[Items from a data source]
•••

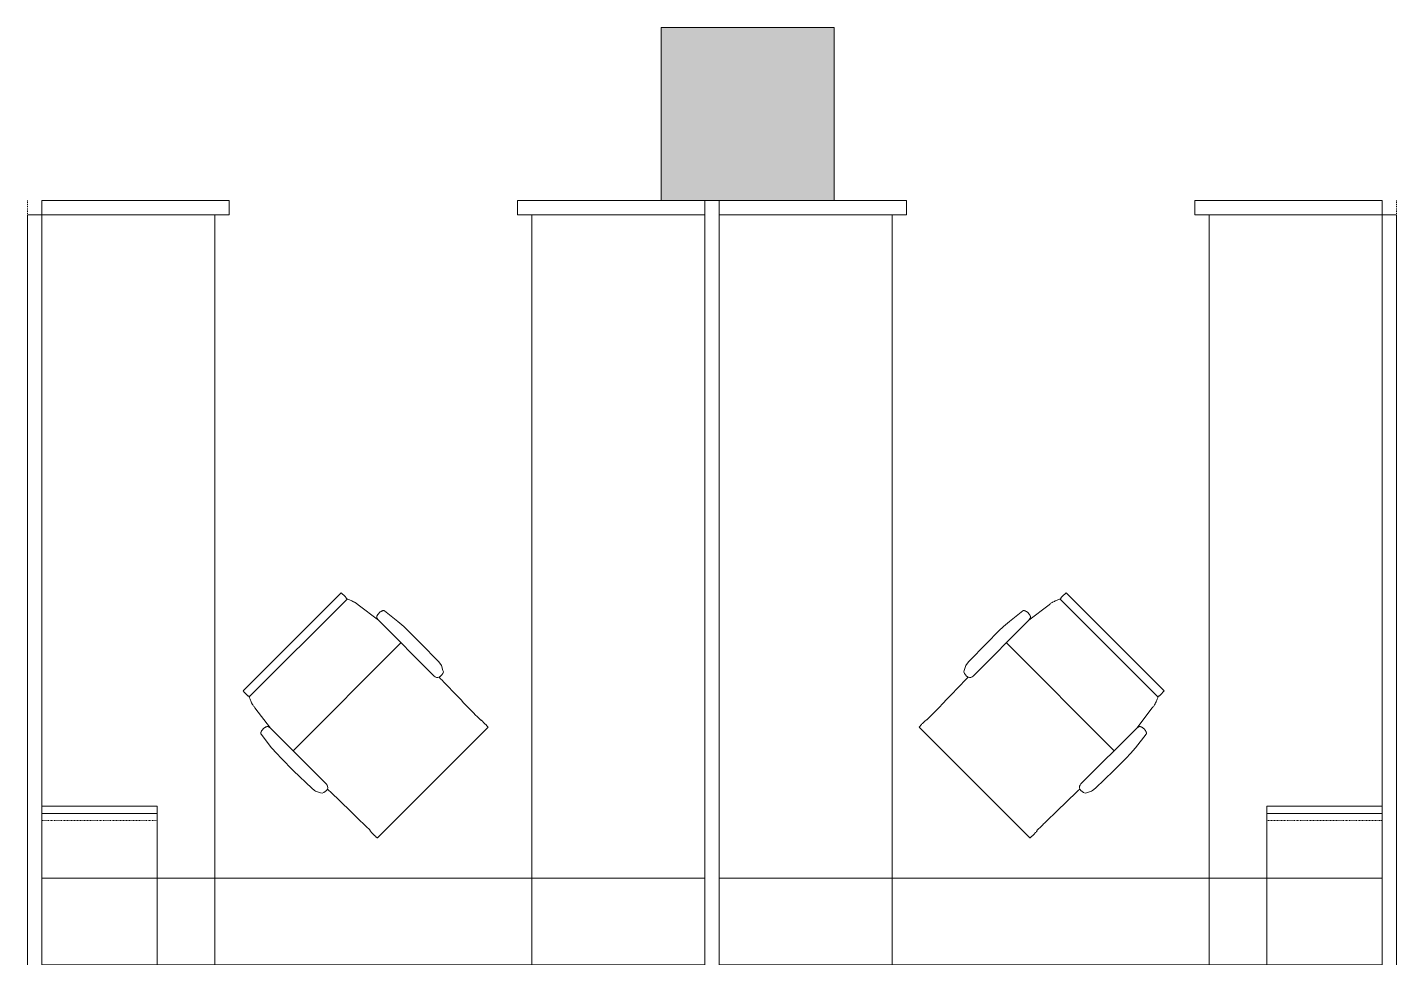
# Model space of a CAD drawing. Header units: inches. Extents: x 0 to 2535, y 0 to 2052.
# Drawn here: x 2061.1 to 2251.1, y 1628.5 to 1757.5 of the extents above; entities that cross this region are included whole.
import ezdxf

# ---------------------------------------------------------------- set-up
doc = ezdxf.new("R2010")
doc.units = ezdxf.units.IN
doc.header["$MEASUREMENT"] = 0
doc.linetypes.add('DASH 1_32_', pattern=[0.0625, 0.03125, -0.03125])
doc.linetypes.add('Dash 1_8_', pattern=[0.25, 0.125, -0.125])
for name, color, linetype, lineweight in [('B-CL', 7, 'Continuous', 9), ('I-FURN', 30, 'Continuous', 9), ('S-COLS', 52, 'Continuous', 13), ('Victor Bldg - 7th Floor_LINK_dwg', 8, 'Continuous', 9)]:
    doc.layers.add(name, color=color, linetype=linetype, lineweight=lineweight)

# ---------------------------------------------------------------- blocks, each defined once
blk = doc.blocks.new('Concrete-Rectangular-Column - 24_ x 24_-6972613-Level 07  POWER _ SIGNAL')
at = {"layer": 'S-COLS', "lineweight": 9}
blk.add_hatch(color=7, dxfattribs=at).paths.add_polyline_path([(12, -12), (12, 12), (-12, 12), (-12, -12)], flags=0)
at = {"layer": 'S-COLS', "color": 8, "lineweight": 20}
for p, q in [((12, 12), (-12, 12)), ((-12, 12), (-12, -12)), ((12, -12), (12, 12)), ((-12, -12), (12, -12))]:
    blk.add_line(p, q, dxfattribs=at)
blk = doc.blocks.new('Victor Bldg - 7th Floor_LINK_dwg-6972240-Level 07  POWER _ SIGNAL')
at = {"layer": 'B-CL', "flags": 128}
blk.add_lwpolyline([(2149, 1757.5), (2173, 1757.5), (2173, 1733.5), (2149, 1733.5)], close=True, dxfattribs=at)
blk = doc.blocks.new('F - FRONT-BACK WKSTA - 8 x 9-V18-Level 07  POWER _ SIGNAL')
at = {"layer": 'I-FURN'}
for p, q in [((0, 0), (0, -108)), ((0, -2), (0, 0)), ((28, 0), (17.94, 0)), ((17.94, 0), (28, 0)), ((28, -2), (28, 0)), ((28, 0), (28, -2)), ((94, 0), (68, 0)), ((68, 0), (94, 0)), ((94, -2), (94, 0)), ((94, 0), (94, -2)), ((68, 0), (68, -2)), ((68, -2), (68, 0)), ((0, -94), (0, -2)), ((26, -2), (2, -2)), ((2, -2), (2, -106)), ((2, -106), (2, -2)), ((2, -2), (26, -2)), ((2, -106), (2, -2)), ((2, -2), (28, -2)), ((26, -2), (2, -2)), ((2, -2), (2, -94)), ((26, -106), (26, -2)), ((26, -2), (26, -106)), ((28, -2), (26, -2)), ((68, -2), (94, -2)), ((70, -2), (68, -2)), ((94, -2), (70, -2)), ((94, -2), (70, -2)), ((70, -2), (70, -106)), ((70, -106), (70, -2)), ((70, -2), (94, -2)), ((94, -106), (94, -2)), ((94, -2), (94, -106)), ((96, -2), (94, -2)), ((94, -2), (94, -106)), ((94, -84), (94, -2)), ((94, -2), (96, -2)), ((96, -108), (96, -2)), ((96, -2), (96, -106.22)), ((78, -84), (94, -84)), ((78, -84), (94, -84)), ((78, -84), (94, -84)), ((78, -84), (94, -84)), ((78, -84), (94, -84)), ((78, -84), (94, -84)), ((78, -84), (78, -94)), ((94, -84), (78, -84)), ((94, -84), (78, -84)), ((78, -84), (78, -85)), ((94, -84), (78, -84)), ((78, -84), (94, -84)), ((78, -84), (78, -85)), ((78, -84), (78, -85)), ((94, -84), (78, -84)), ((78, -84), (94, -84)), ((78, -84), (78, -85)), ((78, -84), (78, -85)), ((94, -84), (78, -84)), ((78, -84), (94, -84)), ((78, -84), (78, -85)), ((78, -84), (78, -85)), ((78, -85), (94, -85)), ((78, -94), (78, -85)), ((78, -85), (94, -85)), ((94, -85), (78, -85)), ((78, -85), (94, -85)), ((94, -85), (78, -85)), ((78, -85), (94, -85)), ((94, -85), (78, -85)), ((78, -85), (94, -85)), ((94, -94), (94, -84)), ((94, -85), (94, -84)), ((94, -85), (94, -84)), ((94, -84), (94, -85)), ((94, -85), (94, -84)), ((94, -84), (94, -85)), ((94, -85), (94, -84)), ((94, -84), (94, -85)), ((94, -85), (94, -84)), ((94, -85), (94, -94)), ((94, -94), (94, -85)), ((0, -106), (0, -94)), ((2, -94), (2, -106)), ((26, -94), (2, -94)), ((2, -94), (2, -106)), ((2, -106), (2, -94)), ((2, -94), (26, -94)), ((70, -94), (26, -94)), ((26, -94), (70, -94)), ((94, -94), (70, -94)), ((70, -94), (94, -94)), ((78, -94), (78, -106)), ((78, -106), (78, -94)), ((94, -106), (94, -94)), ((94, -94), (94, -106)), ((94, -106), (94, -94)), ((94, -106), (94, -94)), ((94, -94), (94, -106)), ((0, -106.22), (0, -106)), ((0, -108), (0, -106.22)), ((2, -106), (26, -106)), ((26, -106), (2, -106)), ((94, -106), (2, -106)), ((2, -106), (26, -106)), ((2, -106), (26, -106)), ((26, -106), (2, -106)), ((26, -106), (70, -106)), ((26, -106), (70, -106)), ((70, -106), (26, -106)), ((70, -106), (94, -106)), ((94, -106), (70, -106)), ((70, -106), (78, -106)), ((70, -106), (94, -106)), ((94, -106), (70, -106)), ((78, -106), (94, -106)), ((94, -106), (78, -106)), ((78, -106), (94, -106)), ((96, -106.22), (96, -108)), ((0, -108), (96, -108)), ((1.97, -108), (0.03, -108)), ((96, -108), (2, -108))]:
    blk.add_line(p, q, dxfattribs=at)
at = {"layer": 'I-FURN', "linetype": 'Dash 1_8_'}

•••

## YOUR OBJECTIVE
Provide only the number of lines in the entries that hold the word "units".

## RESULT OF THE TASK
2